What are some of the factors in determining sequencing for HER2-positive breast cancer?

[Shanu Modi, MD,]’s presentation around what is new in HER2-positive breast cancer was fantastic. One of the challenges when there are so many active drugs is trying to understand how to sequence these. We know that in the first-line setting the CLEOPATRA regimen [of dual targeting with pertuzumab (Perjeta) and trastuzumab (Hercepin) plus chemotherapy] remains standard of care, but beyond that Dr Modi proposed an algorithm of how to sequence these agents. In the second-line setting for patients who have central nervous system [CNS] disease, there was a preference for looking at the HER2CLIMB regimen as an option with the tyrosine kinase inhibitor tucatinib [Tukysa] with trastuzumab and capecitabine.

Although we have some data for trastuzumab deruxtecan-nxki [Enhertu] [showing] CNS penetration and benefit in that situation [where a patient has] CNS metastases, the proposed algorithm had the ADC trastuzumab deruxtecan coming after the HER2CLIMB regimen. Otherwise, trastuzumab deruxtecan in the second-line setting has been well supported by the DESTINY-Breast03 study [NCT03529110] and so that held that second-line space.

Thereafter, we again are faced with a lot of different great options that are active and whichever regimen you haven’t used in the second- line setting remains an option in the third-line setting. Plus, we’re seeing then [ado-trastuzumab emtansine (T-DM1; Kadcyla)] bumped down the line a little bit as an option subsequent to that.

Clinical trials are always a great option [for patients as well].
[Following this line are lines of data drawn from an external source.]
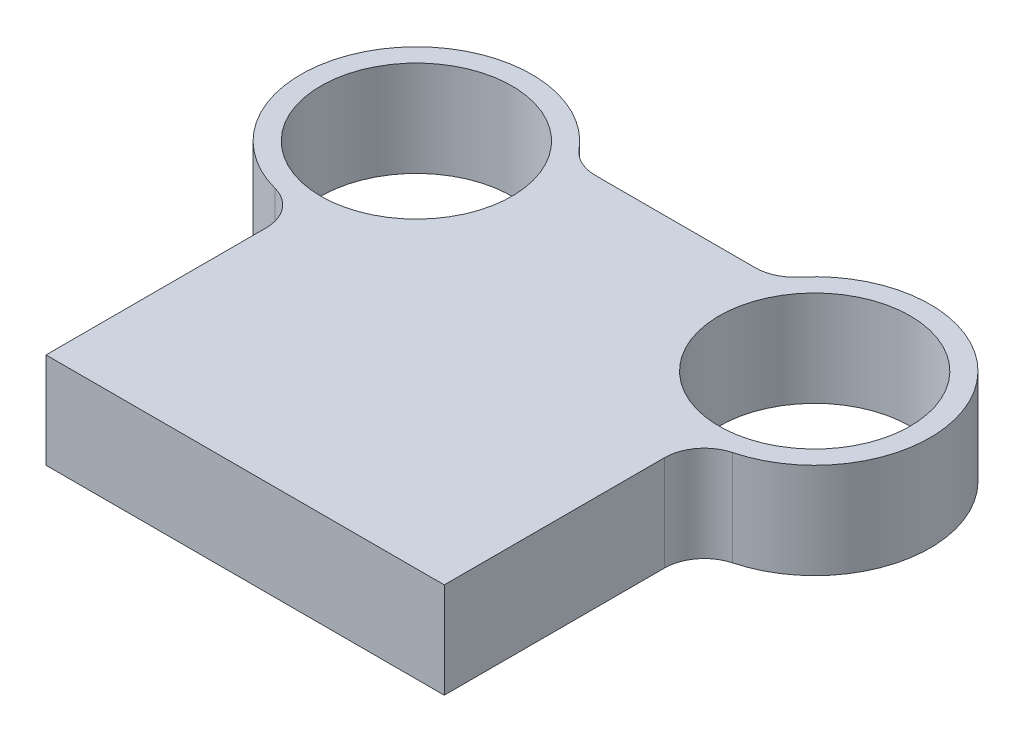
ISO-10303-21;
HEADER;
FILE_DESCRIPTION(('STEP AP214'),'2;1');
FILE_NAME('part.step','',(''),(''),'','','');
FILE_SCHEMA(('AUTOMOTIVE_DESIGN { 1 0 10303 214 1 1 1 1 }'));
ENDSEC;
DATA;
#1=APPLICATION_CONTEXT('core data for automotive mechanical design processes');
#2=APPLICATION_PROTOCOL_DEFINITION('international standard','automotive_design',2000,#1);
#3=PRODUCT_CONTEXT('',#1,'mechanical');
#4=PRODUCT('Part','Part','',(#3));
#5=PRODUCT_RELATED_PRODUCT_CATEGORY('part','',(#4));
#6=PRODUCT_DEFINITION_FORMATION('','',#4);
#7=PRODUCT_DEFINITION_CONTEXT('part definition',#1,'design');
#8=PRODUCT_DEFINITION('design','',#6,#7);
#9=PRODUCT_DEFINITION_SHAPE('','',#8);
#10=(LENGTH_UNIT() NAMED_UNIT(*) SI_UNIT(.MILLI.,.METRE.));
#11=(NAMED_UNIT(*) PLANE_ANGLE_UNIT() SI_UNIT($,.RADIAN.));
#12=(NAMED_UNIT(*) SI_UNIT($,.STERADIAN.) SOLID_ANGLE_UNIT());
#13=UNCERTAINTY_MEASURE_WITH_UNIT(LENGTH_MEASURE(1.E-05),#10,'distance_accuracy_value','');
#14=(GEOMETRIC_REPRESENTATION_CONTEXT(3) GLOBAL_UNCERTAINTY_ASSIGNED_CONTEXT((#13)) GLOBAL_UNIT_ASSIGNED_CONTEXT((#10,
#11,#12)) REPRESENTATION_CONTEXT('',''));
#15=CARTESIAN_POINT('',(0.,0.,0.));
#16=DIRECTION('',(0.,0.,1.));
#17=DIRECTION('',(1.,0.,0.));
#18=AXIS2_PLACEMENT_3D('',#15,#16,#17);
#19=CARTESIAN_POINT('',(-50.,24.,-93.));
#20=DIRECTION('',(0.,1.,0.));
#21=DIRECTION('',(0.,0.,1.));
#22=AXIS2_PLACEMENT_3D('',#19,#20,#21);
#23=PLANE('',#22);
#24=CARTESIAN_POINT('',(-50.,24.,-93.));
#25=DIRECTION('',(0.,1.,0.));
#26=DIRECTION('',(0.,0.,1.));
#27=AXIS2_PLACEMENT_3D('',#24,#25,#26);
#28=CIRCLE('',#27,24.);
#29=CARTESIAN_POINT('',(-50.,24.,-69.));
#30=VERTEX_POINT('',#29);
#31=EDGE_CURVE('E240',#30,#30,#28,.T.);
#32=ORIENTED_EDGE('',*,*,#31,.F.);
#33=EDGE_LOOP('',(#32));
#34=FACE_BOUND('',#33,.T.);
#35=CARTESIAN_POINT('',(-50.,24.,-93.));
#36=DIRECTION('',(0.,1.,0.));
#37=DIRECTION('',(0.,0.,1.));
#38=AXIS2_PLACEMENT_3D('',#35,#36,#37);
#39=CIRCLE('',#38,29.);
#40=CARTESIAN_POINT('',(-27.7419355453448,24.,-111.589743589744));
#41=VERTEX_POINT('',#40);
#42=CARTESIAN_POINT('',(-57.4358974358974,24.,-64.9695267731204));
#43=VERTEX_POINT('',#42);
#44=EDGE_CURVE('E133',#41,#43,#39,.T.);
#45=ORIENTED_EDGE('',*,*,#44,.T.);
#46=CARTESIAN_POINT('',(-60.,24.,-55.3038463500585));
#47=DIRECTION('',(0.,1.,0.));
#48=DIRECTION('',(0.,0.,1.));
#49=AXIS2_PLACEMENT_3D('',#46,#47,#48);
#50=CIRCLE('',#49,10.);
#51=CARTESIAN_POINT('',(-50.,24.,-55.3038463500585));
#52=VERTEX_POINT('',#51);
#53=EDGE_CURVE('E11',#43,#52,#50,.F.);
#54=ORIENTED_EDGE('',*,*,#53,.T.);
#55=DIRECTION('',(0.,0.,1.));
#56=VECTOR('',#55,1.);
#57=CARTESIAN_POINT('',(-50.,24.,0.));
#58=LINE('',#57,#56);
#59=CARTESIAN_POINT('',(-50.,24.,0.));
#60=VERTEX_POINT('',#59);
#61=EDGE_CURVE('E106',#52,#60,#58,.T.);
#62=ORIENTED_EDGE('',*,*,#61,.T.);
#63=DIRECTION('',(1.,0.,0.));
#64=VECTOR('',#63,1.);
#65=CARTESIAN_POINT('',(50.,24.,0.));
#66=LINE('',#65,#64);
#67=CARTESIAN_POINT('',(50.,24.,0.));
#68=VERTEX_POINT('',#67);
#69=EDGE_CURVE('E110',#60,#68,#66,.T.);
#70=ORIENTED_EDGE('',*,*,#69,.T.);
#71=DIRECTION('',(0.,0.,-1.));
#72=VECTOR('',#71,1.);
#73=CARTESIAN_POINT('',(50.,24.,0.));
#74=LINE('',#73,#72);
#75=CARTESIAN_POINT('',(50.,24.,-55.3038463500585));
#76=VERTEX_POINT('',#75);
#77=EDGE_CURVE('E123',#68,#76,#74,.T.);
#78=ORIENTED_EDGE('',*,*,#77,.T.);
#79=CARTESIAN_POINT('',(60.,24.,-55.3038463500585));
#80=DIRECTION('',(0.,1.,0.));
#81=DIRECTION('',(0.,0.,1.));
#82=AXIS2_PLACEMENT_3D('',#79,#80,#81);
#83=CIRCLE('',#82,10.);
#84=CARTESIAN_POINT('',(57.4358974358974,24.,-64.9695267731204));
#85=VERTEX_POINT('',#84);
#86=EDGE_CURVE('E155',#76,#85,#83,.F.);
#87=ORIENTED_EDGE('',*,*,#86,.T.);
#88=CARTESIAN_POINT('',(50.,24.,-93.));
#89=DIRECTION('',(0.,1.,0.));
#90=DIRECTION('',(0.,0.,-1.));
#91=AXIS2_PLACEMENT_3D('',#88,#89,#90);
#92=CIRCLE('',#91,29.);
#93=CARTESIAN_POINT('',(27.7419355453448,24.,-111.589743589744));
#94=VERTEX_POINT('',#93);
#95=EDGE_CURVE('E229',#85,#94,#92,.T.);
#96=ORIENTED_EDGE('',*,*,#95,.T.);
#97=CARTESIAN_POINT('',(20.0667409058085,24.,-118.));
#98=DIRECTION('',(0.,1.,0.));
#99=DIRECTION('',(0.,0.,1.));
#100=AXIS2_PLACEMENT_3D('',#97,#98,#99);
#101=CIRCLE('',#100,10.);
#102=CARTESIAN_POINT('',(20.0667409058085,24.,-108.));
#103=VERTEX_POINT('',#102);
#104=EDGE_CURVE('E159',#94,#103,#101,.F.);
#105=ORIENTED_EDGE('',*,*,#104,.T.);
#106=DIRECTION('',(-1.,0.,0.));
#107=VECTOR('',#106,1.);
#108=CARTESIAN_POINT('',(25.1806527080183,24.,-108.));
#109=LINE('',#108,#107);
#110=CARTESIAN_POINT('',(-20.0667409058085,24.,-108.));
#111=VERTEX_POINT('',#110);
#112=EDGE_CURVE('E226',#103,#111,#109,.T.);
#113=ORIENTED_EDGE('',*,*,#112,.T.);
#114=CARTESIAN_POINT('',(-20.0667409058085,24.,-118.));
#115=DIRECTION('',(0.,1.,0.));
#116=DIRECTION('',(0.,0.,1.));
#117=AXIS2_PLACEMENT_3D('',#114,#115,#116);
#118=CIRCLE('',#117,10.);
#119=EDGE_CURVE('E163',#111,#41,#118,.F.);
#120=ORIENTED_EDGE('',*,*,#119,.T.);
#121=EDGE_LOOP('',(#45,#54,#62,#70,#78,#87,#96,#105,#113,#120));
#122=FACE_BOUND('',#121,.T.);
#123=CARTESIAN_POINT('',(50.,24.,-93.));
#124=DIRECTION('',(0.,1.,0.));
#125=DIRECTION('',(0.,0.,-1.));
#126=AXIS2_PLACEMENT_3D('',#123,#124,#125);
#127=CIRCLE('',#126,24.);
#128=CARTESIAN_POINT('',(50.,24.,-117.));
#129=VERTEX_POINT('',#128);
#130=EDGE_CURVE('E257',#129,#129,#127,.T.);
#131=ORIENTED_EDGE('',*,*,#130,.F.);
#132=EDGE_LOOP('',(#131));
#133=FACE_BOUND('',#132,.T.);
#134=ADVANCED_FACE('F33',(#34,#122,#133),#23,.T.);
#135=CARTESIAN_POINT('',(-50.,0.,-93.));
#136=DIRECTION('',(0.,1.,0.));
#137=DIRECTION('',(0.,0.,1.));
#138=AXIS2_PLACEMENT_3D('',#135,#136,#137);
#139=PLANE('',#138);
#140=DIRECTION('',(0.,0.,1.));
#141=VECTOR('',#140,1.);
#142=CARTESIAN_POINT('',(-50.,0.,0.));
#143=LINE('',#142,#141);
#144=CARTESIAN_POINT('',(-50.,0.,-55.3038463500585));
#145=VERTEX_POINT('',#144);
#146=CARTESIAN_POINT('',(-50.,0.,0.));
#147=VERTEX_POINT('',#146);
#148=EDGE_CURVE('E127',#145,#147,#143,.T.);
#149=ORIENTED_EDGE('',*,*,#148,.F.);
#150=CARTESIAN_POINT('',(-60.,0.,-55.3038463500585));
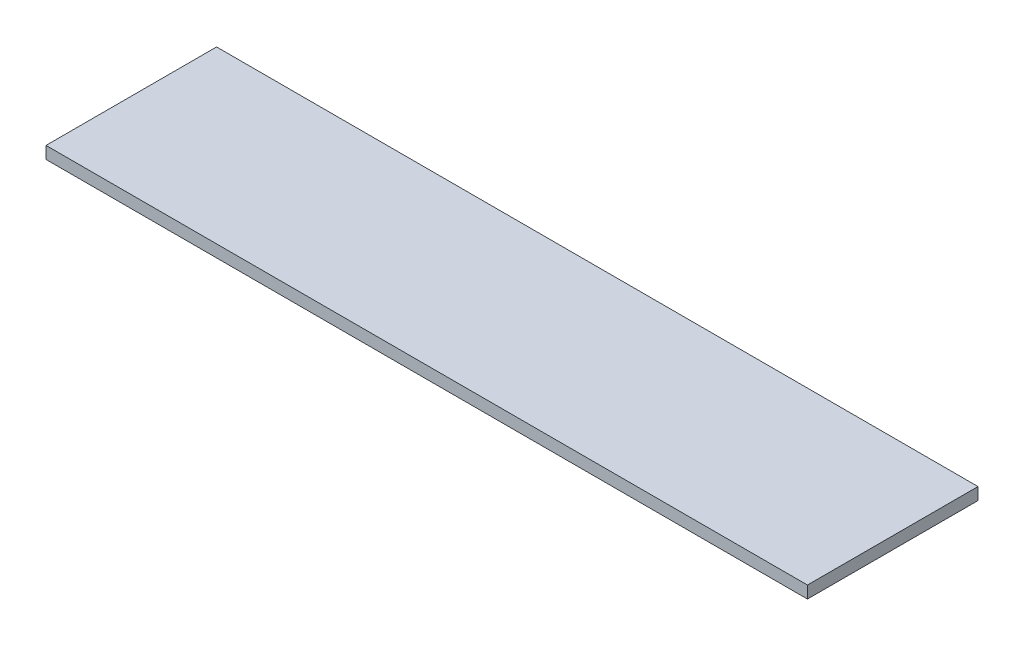
ISO-10303-21;
HEADER;
FILE_DESCRIPTION(('STEP AP214'),'2;1');
FILE_NAME('part.step','',(''),(''),'','','');
FILE_SCHEMA(('AUTOMOTIVE_DESIGN { 1 0 10303 214 1 1 1 1 }'));
ENDSEC;
DATA;
#1=APPLICATION_CONTEXT('core data for automotive mechanical design processes');
#2=APPLICATION_PROTOCOL_DEFINITION('international standard','automotive_design',2000,#1);
#3=PRODUCT_CONTEXT('',#1,'mechanical');
#4=PRODUCT('Part','Part','',(#3));
#5=PRODUCT_RELATED_PRODUCT_CATEGORY('part','',(#4));
#6=PRODUCT_DEFINITION_FORMATION('','',#4);
#7=PRODUCT_DEFINITION_CONTEXT('part definition',#1,'design');
#8=PRODUCT_DEFINITION('design','',#6,#7);
#9=PRODUCT_DEFINITION_SHAPE('','',#8);
#10=(LENGTH_UNIT() NAMED_UNIT(*) SI_UNIT(.MILLI.,.METRE.));
#11=(NAMED_UNIT(*) PLANE_ANGLE_UNIT() SI_UNIT($,.RADIAN.));
#12=(NAMED_UNIT(*) SI_UNIT($,.STERADIAN.) SOLID_ANGLE_UNIT());
#13=UNCERTAINTY_MEASURE_WITH_UNIT(LENGTH_MEASURE(1.E-05),#10,'distance_accuracy_value','');
#14=(GEOMETRIC_REPRESENTATION_CONTEXT(3) GLOBAL_UNCERTAINTY_ASSIGNED_CONTEXT((#13)) GLOBAL_UNIT_ASSIGNED_CONTEXT((#10,
#11,#12)) REPRESENTATION_CONTEXT('',''));
#15=CARTESIAN_POINT('',(0.,0.,0.));
#16=DIRECTION('',(0.,0.,1.));
#17=DIRECTION('',(1.,0.,0.));
#18=AXIS2_PLACEMENT_3D('',#15,#16,#17);
#19=CARTESIAN_POINT('',(-25.2200720695984,2.,-25.3921365703832));
#20=DIRECTION('',(1.,0.,0.));
#21=DIRECTION('',(0.,0.,-1.));
#22=AXIS2_PLACEMENT_3D('',#19,#20,#21);
#23=PLANE('',#22);
#24=DIRECTION('',(0.,0.,1.));
#25=VECTOR('',#24,1.);
#26=CARTESIAN_POINT('',(-25.2200720695984,0.,-25.3921365703832));
#27=LINE('',#26,#25);
#28=CARTESIAN_POINT('',(-25.2200720695984,0.,-25.3921365703832));
#29=VERTEX_POINT('',#28);
#30=CARTESIAN_POINT('',(-25.2200720695984,0.,2.60786342961676));
#31=VERTEX_POINT('',#30);
#32=EDGE_CURVE('E95',#29,#31,#27,.T.);
#33=ORIENTED_EDGE('',*,*,#32,.T.);
#34=DIRECTION('',(0.,-1.,0.));
#35=VECTOR('',#34,1.);
#36=CARTESIAN_POINT('',(-25.2200720695984,2.,2.60786342961676));
#37=LINE('',#36,#35);
#38=CARTESIAN_POINT('',(-25.2200720695984,2.,2.60786342961676));
#39=VERTEX_POINT('',#38);
#40=EDGE_CURVE('E11',#39,#31,#37,.T.);
#41=ORIENTED_EDGE('',*,*,#40,.F.);
#42=DIRECTION('',(0.,0.,1.));
#43=VECTOR('',#42,1.);
#44=CARTESIAN_POINT('',(-25.2200720695984,2.,-25.3921365703832));
#45=LINE('',#44,#43);
#46=CARTESIAN_POINT('',(-25.2200720695984,2.,-25.3921365703832));
#47=VERTEX_POINT('',#46);
#48=EDGE_CURVE('E83',#47,#39,#45,.T.);
#49=ORIENTED_EDGE('',*,*,#48,.F.);
#50=DIRECTION('',(0.,-1.,0.));
#51=VECTOR('',#50,1.);
#52=CARTESIAN_POINT('',(-25.2200720695984,2.,-25.3921365703832));
#53=LINE('',#52,#51);
#54=EDGE_CURVE('E91',#47,#29,#53,.T.);
#55=ORIENTED_EDGE('',*,*,#54,.T.);
#56=EDGE_LOOP('',(#33,#41,#49,#55));
#57=FACE_BOUND('',#56,.T.);
#58=ADVANCED_FACE('F32',(#57),#23,.F.);
#59=CARTESIAN_POINT('',(-25.2200720695984,2.,2.60786342961676));
#60=DIRECTION('',(0.,0.,-1.));
#61=DIRECTION('',(-1.,0.,0.));
#62=AXIS2_PLACEMENT_3D('',#59,#60,#61);
#63=PLANE('',#62);
#64=DIRECTION('',(1.,0.,0.));
#65=VECTOR('',#64,1.);
#66=CARTESIAN_POINT('',(-25.2200720695984,0.,2.60786342961676));
#67=LINE('',#66,#65);
#68=CARTESIAN_POINT('',(99.7799279304016,0.,2.60786342961676));
#69=VERTEX_POINT('',#68);
#70=EDGE_CURVE('E87',#31,#69,#67,.T.);
#71=ORIENTED_EDGE('',*,*,#70,.T.);
#72=DIRECTION('',(0.,-1.,0.));
#73=VECTOR('',#72,1.);
#74=CARTESIAN_POINT('',(99.7799279304016,2.,2.60786342961676));
#75=LINE('',#74,#73);
#76=CARTESIAN_POINT('',(99.7799279304016,2.,2.60786342961676));
#77=VERTEX_POINT('',#76);
#78=EDGE_CURVE('E40',#77,#69,#75,.T.);
#79=ORIENTED_EDGE('',*,*,#78,.F.);
#80=DIRECTION('',(1.,0.,0.));
#81=VECTOR('',#80,1.);
#82=CARTESIAN_POINT('',(-25.2200720695984,2.,2.60786342961676));
#83=LINE('',#82,#81);
#84=EDGE_CURVE('E78',#39,#77,#83,.T.);
#85=ORIENTED_EDGE('',*,*,#84,.F.);
#86=ORIENTED_EDGE('',*,*,#40,.T.);
#87=EDGE_LOOP('',(#71,#79,#85,#86));
#88=FACE_BOUND('',#87,.T.);
#89=ADVANCED_FACE('F86',(#88),#63,.F.);
#90=CARTESIAN_POINT('',(99.7799279304016,2.,-25.3921365703832));
#91=DIRECTION('',(-1.,0.,0.));
#92=DIRECTION('',(0.,0.,1.));
#93=AXIS2_PLACEMENT_3D('',#90,#91,#92);
#94=PLANE('',#93);
#95=DIRECTION('',(0.,0.,-1.));
#96=VECTOR('',#95,1.);
#97=CARTESIAN_POINT('',(99.7799279304016,0.,-25.3921365703832));
#98=LINE('',#97,#96);
#99=CARTESIAN_POINT('',(99.7799279304016,0.,-25.3921365703832));
#100=VERTEX_POINT('',#99);
#101=EDGE_CURVE('E65',#69,#100,#98,.T.);
#102=ORIENTED_EDGE('',*,*,#101,.T.);
#103=DIRECTION('',(0.,-1.,0.));
#104=VECTOR('',#103,1.);
#105=CARTESIAN_POINT('',(99.7799279304016,2.,-25.3921365703832));
#106=LINE('',#105,#104);
#107=CARTESIAN_POINT('',(99.7799279304016,2.,-25.3921365703832));
#108=VERTEX_POINT('',#107);
#109=EDGE_CURVE('E88',#108,#100,#106,.T.);
#110=ORIENTED_EDGE('',*,*,#109,.F.);
#111=DIRECTION('',(0.,0.,-1.));
#112=VECTOR('',#111,1.);
#113=CARTESIAN_POINT('',(99.7799279304016,2.,-25.3921365703832));
#114=LINE('',#113,#112);
#115=EDGE_CURVE('E81',#77,#108,#114,.T.);
#116=ORIENTED_EDGE('',*,*,#115,.F.);
#117=ORIENTED_EDGE('',*,*,#78,.T.);
#118=EDGE_LOOP('',(#102,#110,#116,#117));
#119=FACE_BOUND('',#118,.T.);
#120=ADVANCED_FACE('F89',(#119),#94,.F.);
#121=CARTESIAN_POINT('',(-25.2200720695984,2.,-25.3921365703832));
#122=DIRECTION('',(0.,0.,1.));
#123=DIRECTION('',(1.,0.,0.));
#124=AXIS2_PLACEMENT_3D('',#121,#122,#123);
#125=PLANE('',#124);
#126=DIRECTION('',(-1.,0.,0.));
#127=VECTOR('',#126,1.);
#128=CARTESIAN_POINT('',(-25.2200720695984,0.,-25.3921365703832));
#129=LINE('',#128,#127);
#130=EDGE_CURVE('E71',#100,#29,#129,.T.);
#131=ORIENTED_EDGE('',*,*,#130,.T.);
#132=ORIENTED_EDGE('',*,*,#54,.F.);
#133=DIRECTION('',(-1.,0.,0.));
#134=VECTOR('',#133,1.);
#135=CARTESIAN_POINT('',(-25.2200720695984,2.,-25.3921365703832));
#136=LINE('',#135,#134);
#137=EDGE_CURVE('E48',#108,#47,#136,.T.);
#138=ORIENTED_EDGE('',*,*,#137,.F.);
#139=ORIENTED_EDGE('',*,*,#109,.T.);
#140=EDGE_LOOP('',(#131,#132,#138,#139));
#141=FACE_BOUND('',#140,.T.);
#142=ADVANCED_FACE('F102',(#141),#125,.F.);
#143=CARTESIAN_POINT('',(0.,2.,0.));
#144=DIRECTION('',(0.,1.,0.));
#145=DIRECTION('',(0.,0.,1.));
#146=AXIS2_PLACEMENT_3D('',#143,#144,#145);
#147=PLANE('',#146);
#148=ORIENTED_EDGE('',*,*,#48,.T.);
#149=ORIENTED_EDGE('',*,*,#84,.T.);
#150=ORIENTED_EDGE('',*,*,#115,.T.);
#151=ORIENTED_EDGE('',*,*,#137,.T.);
#152=EDGE_LOOP('',(#148,#149,#150,#151));
#153=FACE_BOUND('',#152,.T.);
#154=ADVANCED_FACE('F79',(#153),#147,.T.);
#155=CARTESIAN_POINT('',(0.,0.,0.));
#156=DIRECTION('',(0.,1.,0.));
#157=DIRECTION('',(0.,0.,1.));
#158=AXIS2_PLACEMENT_3D('',#155,#156,#157);
#159=PLANE('',#158);
#160=ORIENTED_EDGE('',*,*,#32,.F.);
#161=ORIENTED_EDGE('',*,*,#130,.F.);
#162=ORIENTED_EDGE('',*,*,#101,.F.);
#163=ORIENTED_EDGE('',*,*,#70,.F.);
#164=EDGE_LOOP('',(#160,#161,#162,#163));
#165=FACE_BOUND('',#164,.T.);
#166=ADVANCED_FACE('F105',(#165),#159,.F.);
#167=CLOSED_SHELL('',(#58,#89,#120,#142,#154,#166));
#168=MANIFOLD_SOLID_BREP('B2',#167);
#169=ADVANCED_BREP_SHAPE_REPRESENTATION('',(#18,#168),#14);
#170=SHAPE_DEFINITION_REPRESENTATION(#9,#169);
ENDSEC;
END-ISO-10303-21;

What were the key points from your presentation on treating early-stage TNBC?

We talked a bit today about using adjuvant olaparib [Lynparza] in patients who have germline BRCA mutations. We reinforced the use of capecitabine in the adjuvant setting for patients who are germline BRCA wild-type and have residual disease. We talked as well about clinical trials that are trying to answer some of the questions about appropriate duration of therapy [such as] where we can potentially escalate and de-escalate therapy.

The paradigm for managing early-stage triple negative breast cancer has changed over the past year and a half as a result of KEYNOTE-522 [NCT03036488]. Immunotherapy with pembrolizumab added to taxane/platinum, anthracycline, [and] cyclophosphamide in the neoadjuvant setting has now become standard of care. Using neoadjuvant therapy in that way helps us to estimate risk and prognosis in patients that have residual disease after optimal preoperative therapy.